(Supplied data)

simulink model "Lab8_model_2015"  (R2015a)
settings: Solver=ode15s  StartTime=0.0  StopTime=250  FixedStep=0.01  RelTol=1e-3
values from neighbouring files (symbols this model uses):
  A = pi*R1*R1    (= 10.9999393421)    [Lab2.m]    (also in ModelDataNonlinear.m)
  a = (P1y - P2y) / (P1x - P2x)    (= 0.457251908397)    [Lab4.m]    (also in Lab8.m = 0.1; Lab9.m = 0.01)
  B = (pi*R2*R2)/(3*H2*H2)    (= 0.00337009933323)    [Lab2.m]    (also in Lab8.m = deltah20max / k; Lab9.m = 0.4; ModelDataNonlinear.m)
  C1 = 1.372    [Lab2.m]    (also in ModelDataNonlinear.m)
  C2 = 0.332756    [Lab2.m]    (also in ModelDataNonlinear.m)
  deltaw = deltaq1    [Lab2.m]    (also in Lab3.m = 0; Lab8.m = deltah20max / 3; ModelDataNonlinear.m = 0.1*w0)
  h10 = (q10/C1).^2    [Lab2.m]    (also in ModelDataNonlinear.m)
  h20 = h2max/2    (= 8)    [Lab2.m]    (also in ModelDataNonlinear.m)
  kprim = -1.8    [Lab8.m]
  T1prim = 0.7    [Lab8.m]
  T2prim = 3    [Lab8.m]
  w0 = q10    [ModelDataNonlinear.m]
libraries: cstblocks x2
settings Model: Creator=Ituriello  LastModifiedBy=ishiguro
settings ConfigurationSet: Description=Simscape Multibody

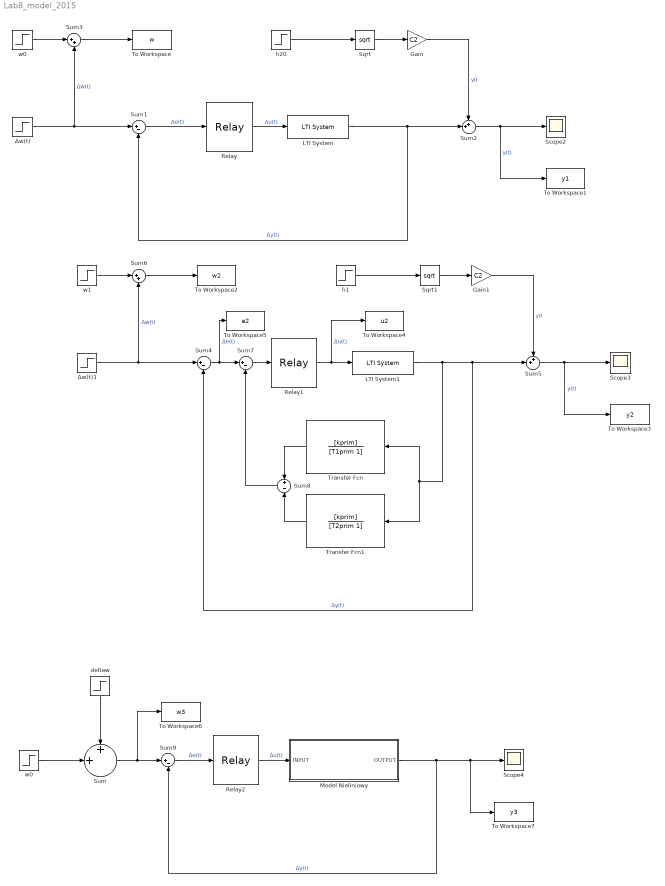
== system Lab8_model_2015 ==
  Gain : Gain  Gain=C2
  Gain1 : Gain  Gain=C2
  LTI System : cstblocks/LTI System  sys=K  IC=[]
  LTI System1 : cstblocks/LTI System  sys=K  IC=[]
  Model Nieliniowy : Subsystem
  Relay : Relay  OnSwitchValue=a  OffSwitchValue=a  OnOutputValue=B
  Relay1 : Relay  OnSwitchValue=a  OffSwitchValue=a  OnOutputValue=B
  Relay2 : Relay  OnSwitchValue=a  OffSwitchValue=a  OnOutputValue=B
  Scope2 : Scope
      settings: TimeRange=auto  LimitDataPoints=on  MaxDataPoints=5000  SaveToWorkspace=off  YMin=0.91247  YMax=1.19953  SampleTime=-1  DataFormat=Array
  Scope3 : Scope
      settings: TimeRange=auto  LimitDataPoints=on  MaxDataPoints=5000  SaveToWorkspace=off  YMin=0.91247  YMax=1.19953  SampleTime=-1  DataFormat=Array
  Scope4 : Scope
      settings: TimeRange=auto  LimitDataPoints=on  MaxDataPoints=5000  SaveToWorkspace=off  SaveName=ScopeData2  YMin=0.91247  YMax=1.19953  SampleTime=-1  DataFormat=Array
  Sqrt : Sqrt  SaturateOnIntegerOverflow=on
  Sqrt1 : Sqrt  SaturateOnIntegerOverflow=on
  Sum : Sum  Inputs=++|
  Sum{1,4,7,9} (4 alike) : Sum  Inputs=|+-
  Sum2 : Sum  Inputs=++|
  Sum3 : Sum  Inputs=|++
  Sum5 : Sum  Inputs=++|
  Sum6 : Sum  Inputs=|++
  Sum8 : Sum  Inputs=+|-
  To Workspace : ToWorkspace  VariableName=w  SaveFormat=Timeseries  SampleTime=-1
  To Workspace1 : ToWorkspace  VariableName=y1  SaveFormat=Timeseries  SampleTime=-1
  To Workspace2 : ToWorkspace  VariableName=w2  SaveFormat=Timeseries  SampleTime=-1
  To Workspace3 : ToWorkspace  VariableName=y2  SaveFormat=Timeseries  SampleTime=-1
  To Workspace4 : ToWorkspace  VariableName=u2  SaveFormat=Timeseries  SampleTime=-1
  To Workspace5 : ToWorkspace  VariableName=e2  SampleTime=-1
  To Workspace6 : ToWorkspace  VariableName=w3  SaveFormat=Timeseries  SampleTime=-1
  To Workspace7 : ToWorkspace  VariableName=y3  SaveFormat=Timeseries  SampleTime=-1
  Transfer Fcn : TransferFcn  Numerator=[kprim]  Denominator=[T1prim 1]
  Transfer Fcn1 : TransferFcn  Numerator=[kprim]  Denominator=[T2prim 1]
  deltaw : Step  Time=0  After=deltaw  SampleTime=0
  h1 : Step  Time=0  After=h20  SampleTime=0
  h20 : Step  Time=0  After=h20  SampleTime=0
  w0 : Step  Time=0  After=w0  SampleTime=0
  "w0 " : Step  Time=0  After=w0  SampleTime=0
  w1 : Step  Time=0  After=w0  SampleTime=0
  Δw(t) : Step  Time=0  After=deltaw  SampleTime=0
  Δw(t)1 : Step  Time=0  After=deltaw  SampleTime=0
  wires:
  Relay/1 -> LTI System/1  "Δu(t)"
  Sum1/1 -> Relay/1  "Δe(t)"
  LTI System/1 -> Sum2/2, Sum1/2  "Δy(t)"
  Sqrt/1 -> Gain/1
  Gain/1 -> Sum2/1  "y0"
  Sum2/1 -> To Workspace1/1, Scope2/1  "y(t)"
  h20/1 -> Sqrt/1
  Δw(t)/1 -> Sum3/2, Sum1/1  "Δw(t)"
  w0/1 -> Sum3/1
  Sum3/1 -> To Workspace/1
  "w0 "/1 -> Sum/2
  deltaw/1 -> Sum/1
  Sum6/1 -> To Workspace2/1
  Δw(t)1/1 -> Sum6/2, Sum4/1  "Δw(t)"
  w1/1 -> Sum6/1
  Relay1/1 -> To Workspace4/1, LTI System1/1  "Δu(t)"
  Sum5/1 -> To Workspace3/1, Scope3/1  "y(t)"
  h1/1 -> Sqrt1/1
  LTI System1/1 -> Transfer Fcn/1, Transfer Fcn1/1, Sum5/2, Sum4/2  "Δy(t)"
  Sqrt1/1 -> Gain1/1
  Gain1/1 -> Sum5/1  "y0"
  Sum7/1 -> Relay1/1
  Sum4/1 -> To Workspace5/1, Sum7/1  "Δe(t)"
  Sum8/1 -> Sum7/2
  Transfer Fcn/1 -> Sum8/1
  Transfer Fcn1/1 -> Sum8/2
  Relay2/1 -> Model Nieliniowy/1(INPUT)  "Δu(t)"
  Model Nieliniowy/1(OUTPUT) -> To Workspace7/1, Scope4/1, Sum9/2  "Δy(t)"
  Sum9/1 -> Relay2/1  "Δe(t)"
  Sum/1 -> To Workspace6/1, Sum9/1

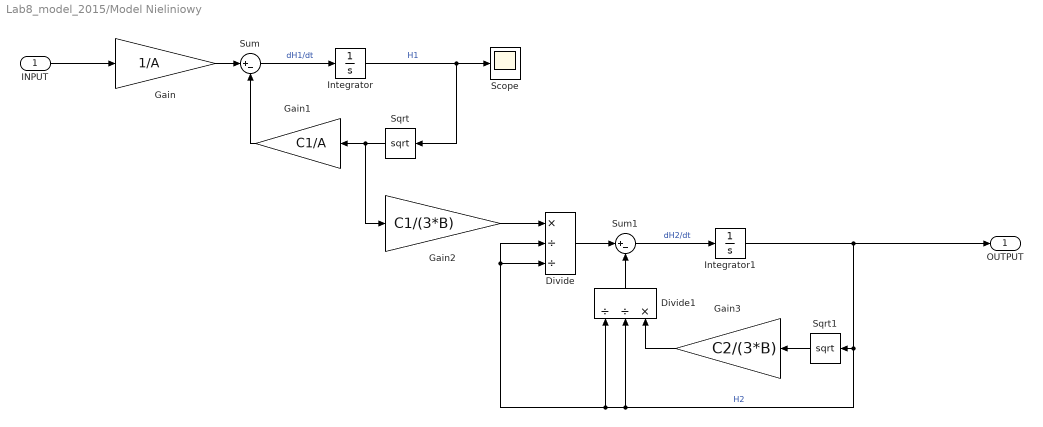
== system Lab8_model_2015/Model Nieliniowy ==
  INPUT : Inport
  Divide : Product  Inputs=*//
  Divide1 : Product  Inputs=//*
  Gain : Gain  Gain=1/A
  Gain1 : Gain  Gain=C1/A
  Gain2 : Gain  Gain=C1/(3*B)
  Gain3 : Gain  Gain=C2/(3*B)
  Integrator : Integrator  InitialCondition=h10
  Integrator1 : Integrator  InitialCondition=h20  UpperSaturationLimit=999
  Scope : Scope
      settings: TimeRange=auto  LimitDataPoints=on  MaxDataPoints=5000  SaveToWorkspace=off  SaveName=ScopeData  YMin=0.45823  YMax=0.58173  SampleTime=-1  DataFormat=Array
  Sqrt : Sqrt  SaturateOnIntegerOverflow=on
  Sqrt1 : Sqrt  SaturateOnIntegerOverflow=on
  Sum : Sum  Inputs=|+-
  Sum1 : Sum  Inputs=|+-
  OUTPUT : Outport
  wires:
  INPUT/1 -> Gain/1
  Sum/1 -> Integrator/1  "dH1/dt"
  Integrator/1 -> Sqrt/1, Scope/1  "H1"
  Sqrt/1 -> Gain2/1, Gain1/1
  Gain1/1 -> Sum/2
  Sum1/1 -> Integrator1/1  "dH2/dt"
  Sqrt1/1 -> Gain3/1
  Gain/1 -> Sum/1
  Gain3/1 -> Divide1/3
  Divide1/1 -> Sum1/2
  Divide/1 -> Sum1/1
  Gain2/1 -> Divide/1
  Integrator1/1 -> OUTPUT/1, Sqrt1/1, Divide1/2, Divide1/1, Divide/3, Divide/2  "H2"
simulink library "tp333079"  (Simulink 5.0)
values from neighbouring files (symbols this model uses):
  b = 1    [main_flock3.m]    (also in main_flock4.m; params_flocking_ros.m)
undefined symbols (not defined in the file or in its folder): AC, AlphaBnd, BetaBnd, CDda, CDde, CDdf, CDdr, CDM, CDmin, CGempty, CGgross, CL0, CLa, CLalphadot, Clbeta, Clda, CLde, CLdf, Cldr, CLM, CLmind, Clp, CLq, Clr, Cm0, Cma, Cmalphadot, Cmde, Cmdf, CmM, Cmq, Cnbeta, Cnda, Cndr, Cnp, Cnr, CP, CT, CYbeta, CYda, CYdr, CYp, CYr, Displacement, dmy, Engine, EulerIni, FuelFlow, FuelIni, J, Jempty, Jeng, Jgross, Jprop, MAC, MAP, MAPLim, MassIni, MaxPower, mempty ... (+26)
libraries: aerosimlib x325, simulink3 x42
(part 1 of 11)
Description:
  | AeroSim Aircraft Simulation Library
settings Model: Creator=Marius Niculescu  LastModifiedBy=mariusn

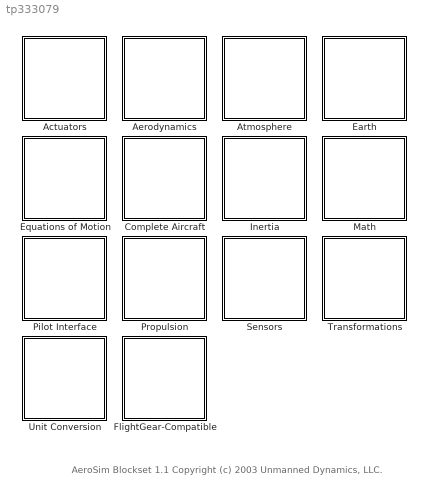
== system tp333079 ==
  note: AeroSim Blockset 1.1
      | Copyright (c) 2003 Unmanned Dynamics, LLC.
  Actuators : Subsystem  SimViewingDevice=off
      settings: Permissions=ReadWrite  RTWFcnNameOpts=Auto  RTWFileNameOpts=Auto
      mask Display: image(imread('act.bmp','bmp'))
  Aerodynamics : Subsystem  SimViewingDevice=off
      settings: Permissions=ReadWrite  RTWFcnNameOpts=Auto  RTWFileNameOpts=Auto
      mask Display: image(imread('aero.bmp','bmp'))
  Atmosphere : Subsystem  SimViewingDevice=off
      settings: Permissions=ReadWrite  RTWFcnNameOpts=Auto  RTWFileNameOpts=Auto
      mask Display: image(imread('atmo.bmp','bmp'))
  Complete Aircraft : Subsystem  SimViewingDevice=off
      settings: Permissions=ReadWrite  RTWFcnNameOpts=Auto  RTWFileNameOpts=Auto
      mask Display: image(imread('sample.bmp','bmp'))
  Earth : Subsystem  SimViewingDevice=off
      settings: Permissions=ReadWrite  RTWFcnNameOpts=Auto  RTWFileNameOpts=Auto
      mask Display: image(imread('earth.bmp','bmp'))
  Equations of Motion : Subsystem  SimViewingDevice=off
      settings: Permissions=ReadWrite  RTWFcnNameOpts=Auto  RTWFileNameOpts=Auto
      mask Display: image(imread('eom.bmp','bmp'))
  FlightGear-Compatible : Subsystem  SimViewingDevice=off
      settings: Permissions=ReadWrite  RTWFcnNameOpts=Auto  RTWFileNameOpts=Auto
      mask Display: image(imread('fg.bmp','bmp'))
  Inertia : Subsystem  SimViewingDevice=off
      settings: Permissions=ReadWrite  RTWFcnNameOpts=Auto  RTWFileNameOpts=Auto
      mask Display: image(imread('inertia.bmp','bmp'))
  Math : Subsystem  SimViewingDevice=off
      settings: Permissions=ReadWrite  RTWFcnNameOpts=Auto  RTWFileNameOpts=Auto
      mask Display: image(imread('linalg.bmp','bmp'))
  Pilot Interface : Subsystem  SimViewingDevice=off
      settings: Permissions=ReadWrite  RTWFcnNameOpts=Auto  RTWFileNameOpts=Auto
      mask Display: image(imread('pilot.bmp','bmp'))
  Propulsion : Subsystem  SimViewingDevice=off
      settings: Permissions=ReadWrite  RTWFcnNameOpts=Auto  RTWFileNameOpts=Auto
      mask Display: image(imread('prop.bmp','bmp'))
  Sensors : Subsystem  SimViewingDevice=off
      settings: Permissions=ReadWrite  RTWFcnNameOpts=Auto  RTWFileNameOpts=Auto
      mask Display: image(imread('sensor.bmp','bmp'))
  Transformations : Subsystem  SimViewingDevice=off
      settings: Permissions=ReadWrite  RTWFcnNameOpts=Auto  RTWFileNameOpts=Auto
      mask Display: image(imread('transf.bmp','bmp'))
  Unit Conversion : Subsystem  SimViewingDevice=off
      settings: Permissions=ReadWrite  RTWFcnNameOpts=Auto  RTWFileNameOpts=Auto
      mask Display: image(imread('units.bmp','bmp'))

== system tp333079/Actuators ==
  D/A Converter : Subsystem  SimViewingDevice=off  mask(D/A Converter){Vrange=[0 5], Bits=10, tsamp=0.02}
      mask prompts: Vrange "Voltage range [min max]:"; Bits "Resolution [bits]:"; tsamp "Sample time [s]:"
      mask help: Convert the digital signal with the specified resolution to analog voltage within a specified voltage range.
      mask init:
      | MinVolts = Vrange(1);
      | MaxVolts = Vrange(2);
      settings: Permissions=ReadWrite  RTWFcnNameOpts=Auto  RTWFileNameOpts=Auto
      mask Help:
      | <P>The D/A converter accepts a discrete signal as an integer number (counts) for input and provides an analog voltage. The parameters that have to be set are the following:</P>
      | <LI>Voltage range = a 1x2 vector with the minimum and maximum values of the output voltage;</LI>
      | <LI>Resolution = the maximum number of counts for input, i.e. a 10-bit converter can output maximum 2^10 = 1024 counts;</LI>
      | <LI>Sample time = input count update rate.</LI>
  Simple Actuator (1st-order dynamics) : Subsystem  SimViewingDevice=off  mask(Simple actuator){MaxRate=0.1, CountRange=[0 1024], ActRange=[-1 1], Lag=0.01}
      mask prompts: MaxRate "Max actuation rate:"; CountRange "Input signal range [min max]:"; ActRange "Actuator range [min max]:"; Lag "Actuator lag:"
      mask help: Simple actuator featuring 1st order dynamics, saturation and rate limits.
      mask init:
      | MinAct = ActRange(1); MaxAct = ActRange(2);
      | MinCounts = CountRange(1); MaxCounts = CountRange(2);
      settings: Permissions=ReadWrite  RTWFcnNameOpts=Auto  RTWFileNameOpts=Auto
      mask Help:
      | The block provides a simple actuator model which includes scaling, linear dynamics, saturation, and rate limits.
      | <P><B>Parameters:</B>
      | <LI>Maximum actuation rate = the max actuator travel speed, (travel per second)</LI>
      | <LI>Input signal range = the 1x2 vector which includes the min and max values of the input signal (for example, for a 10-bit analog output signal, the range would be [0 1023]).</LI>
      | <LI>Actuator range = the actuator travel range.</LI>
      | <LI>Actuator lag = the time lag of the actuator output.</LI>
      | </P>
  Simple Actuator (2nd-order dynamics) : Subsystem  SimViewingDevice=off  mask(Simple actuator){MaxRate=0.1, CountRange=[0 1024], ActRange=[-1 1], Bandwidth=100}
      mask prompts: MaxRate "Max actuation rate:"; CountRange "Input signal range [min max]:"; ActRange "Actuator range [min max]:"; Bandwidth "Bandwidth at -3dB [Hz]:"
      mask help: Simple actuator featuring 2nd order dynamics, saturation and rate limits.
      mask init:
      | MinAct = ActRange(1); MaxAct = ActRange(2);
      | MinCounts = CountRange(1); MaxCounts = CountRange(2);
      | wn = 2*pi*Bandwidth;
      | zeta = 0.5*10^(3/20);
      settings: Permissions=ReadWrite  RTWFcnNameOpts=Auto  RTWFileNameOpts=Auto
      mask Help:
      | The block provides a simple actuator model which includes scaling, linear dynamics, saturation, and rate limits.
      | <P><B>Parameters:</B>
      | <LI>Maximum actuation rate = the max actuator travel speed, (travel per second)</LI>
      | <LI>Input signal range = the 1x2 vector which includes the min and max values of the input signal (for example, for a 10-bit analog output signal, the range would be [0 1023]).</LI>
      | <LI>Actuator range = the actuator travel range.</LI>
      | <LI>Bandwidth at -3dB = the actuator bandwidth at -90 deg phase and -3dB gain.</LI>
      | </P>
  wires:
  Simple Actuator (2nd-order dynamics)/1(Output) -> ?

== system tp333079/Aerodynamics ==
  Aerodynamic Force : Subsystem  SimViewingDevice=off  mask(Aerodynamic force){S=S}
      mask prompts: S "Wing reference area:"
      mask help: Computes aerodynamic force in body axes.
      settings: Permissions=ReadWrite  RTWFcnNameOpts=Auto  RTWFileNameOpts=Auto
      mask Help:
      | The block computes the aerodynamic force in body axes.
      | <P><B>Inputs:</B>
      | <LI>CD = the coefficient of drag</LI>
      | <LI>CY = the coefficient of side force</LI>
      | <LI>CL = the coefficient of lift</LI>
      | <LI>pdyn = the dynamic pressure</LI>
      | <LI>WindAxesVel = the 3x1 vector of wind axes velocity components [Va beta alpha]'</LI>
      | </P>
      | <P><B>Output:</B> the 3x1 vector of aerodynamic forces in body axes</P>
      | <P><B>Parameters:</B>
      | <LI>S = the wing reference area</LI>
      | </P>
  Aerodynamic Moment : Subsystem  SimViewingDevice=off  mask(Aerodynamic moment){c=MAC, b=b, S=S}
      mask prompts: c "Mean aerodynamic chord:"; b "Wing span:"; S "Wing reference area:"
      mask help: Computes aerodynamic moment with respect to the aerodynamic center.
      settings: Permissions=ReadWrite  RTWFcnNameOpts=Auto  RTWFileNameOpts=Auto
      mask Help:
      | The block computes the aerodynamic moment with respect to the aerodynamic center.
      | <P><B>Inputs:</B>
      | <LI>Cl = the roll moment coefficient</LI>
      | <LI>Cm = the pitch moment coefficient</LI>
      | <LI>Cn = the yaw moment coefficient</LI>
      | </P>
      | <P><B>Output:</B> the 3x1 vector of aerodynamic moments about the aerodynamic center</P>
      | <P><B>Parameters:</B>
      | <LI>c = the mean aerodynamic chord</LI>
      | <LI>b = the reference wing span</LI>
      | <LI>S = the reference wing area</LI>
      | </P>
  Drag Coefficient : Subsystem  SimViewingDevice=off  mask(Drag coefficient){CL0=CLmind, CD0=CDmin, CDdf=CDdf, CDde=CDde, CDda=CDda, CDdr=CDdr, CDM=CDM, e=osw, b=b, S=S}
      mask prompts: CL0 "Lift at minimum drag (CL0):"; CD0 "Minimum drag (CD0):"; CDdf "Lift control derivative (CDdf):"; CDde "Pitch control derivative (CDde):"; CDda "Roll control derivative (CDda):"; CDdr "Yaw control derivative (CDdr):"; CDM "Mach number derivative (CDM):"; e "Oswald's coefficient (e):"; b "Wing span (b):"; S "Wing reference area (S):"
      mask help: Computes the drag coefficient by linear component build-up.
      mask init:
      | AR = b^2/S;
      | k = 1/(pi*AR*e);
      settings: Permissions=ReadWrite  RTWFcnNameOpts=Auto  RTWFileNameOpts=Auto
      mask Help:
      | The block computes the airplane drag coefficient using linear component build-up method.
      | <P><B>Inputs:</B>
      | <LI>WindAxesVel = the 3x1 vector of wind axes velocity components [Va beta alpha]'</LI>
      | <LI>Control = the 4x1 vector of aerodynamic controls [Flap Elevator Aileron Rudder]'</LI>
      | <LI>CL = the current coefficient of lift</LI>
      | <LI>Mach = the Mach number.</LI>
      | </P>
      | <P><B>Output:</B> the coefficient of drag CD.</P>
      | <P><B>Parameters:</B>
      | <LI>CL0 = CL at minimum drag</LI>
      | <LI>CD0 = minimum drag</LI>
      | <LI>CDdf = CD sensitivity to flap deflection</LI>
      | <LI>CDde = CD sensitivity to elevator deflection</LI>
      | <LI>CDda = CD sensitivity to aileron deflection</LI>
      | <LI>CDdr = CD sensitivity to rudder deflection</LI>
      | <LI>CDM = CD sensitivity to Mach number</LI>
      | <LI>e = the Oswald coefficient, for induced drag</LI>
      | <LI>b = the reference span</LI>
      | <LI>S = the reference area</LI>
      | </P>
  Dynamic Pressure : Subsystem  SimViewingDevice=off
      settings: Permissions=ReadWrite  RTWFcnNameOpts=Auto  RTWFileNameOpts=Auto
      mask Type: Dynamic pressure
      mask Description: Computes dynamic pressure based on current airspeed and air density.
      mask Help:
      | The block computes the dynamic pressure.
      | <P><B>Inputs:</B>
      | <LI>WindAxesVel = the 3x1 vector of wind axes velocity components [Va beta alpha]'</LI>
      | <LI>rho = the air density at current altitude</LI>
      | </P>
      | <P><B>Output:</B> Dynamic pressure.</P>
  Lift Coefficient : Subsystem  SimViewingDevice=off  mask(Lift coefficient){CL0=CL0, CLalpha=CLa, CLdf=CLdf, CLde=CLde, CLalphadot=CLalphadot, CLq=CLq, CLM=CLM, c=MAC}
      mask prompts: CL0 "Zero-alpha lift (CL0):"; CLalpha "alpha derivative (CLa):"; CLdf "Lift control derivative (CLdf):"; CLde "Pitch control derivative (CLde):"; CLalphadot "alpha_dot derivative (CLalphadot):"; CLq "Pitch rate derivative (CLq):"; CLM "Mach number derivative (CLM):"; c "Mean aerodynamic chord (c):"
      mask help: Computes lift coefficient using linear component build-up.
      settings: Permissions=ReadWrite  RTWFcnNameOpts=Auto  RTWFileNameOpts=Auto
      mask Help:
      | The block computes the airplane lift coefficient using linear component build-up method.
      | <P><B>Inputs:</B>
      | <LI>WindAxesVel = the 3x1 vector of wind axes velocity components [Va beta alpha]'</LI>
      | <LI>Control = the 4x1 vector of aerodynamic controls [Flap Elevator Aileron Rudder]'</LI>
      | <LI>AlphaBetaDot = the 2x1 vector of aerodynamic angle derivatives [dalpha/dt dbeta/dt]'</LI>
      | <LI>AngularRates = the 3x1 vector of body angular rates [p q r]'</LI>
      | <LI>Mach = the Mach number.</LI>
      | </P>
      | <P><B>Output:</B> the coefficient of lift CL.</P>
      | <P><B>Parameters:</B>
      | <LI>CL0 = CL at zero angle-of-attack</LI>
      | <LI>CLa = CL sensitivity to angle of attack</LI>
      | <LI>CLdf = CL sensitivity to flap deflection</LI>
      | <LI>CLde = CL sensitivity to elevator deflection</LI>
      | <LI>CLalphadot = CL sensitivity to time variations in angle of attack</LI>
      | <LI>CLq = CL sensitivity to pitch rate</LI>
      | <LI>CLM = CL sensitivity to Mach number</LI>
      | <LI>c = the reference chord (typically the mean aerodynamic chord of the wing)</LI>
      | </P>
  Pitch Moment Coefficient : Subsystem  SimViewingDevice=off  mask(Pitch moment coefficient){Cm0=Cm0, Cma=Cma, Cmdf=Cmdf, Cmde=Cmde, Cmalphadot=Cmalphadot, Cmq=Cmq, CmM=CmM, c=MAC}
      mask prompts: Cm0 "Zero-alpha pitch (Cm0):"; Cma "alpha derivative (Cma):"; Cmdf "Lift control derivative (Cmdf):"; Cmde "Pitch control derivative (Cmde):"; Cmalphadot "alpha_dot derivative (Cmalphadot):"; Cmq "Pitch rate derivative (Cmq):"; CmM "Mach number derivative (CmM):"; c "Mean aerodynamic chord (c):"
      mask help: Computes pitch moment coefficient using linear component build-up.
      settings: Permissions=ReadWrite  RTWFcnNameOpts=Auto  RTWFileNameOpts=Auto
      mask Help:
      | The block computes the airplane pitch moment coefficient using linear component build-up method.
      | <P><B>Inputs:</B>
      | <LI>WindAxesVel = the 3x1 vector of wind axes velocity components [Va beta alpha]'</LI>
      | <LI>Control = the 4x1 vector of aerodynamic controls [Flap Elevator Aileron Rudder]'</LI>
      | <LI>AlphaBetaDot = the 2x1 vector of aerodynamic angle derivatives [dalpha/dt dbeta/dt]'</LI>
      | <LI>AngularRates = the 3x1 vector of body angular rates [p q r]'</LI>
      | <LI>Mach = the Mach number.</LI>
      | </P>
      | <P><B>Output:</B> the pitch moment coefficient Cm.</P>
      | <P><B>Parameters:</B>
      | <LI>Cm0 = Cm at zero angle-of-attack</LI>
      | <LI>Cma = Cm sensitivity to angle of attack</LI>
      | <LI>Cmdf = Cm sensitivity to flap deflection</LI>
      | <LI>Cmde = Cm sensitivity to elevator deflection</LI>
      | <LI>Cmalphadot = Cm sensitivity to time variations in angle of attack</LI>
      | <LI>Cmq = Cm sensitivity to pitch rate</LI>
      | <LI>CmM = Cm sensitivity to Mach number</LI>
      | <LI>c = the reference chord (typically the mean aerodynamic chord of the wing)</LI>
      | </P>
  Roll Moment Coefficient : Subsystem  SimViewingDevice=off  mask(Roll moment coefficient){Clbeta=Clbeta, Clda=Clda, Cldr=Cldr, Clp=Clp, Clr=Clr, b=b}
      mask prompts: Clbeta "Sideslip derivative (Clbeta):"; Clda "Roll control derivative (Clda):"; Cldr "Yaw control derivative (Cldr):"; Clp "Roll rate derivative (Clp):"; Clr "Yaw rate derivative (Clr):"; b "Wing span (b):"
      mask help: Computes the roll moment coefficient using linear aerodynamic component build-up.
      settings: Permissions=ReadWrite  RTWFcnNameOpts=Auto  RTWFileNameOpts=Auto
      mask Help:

(End Supplied data)

Your task: Show every line in the entries where the string "Actuators" occurs.

Response:
  Actuators : Subsystem  SimViewingDevice=off
== system tp333079/Actuators ==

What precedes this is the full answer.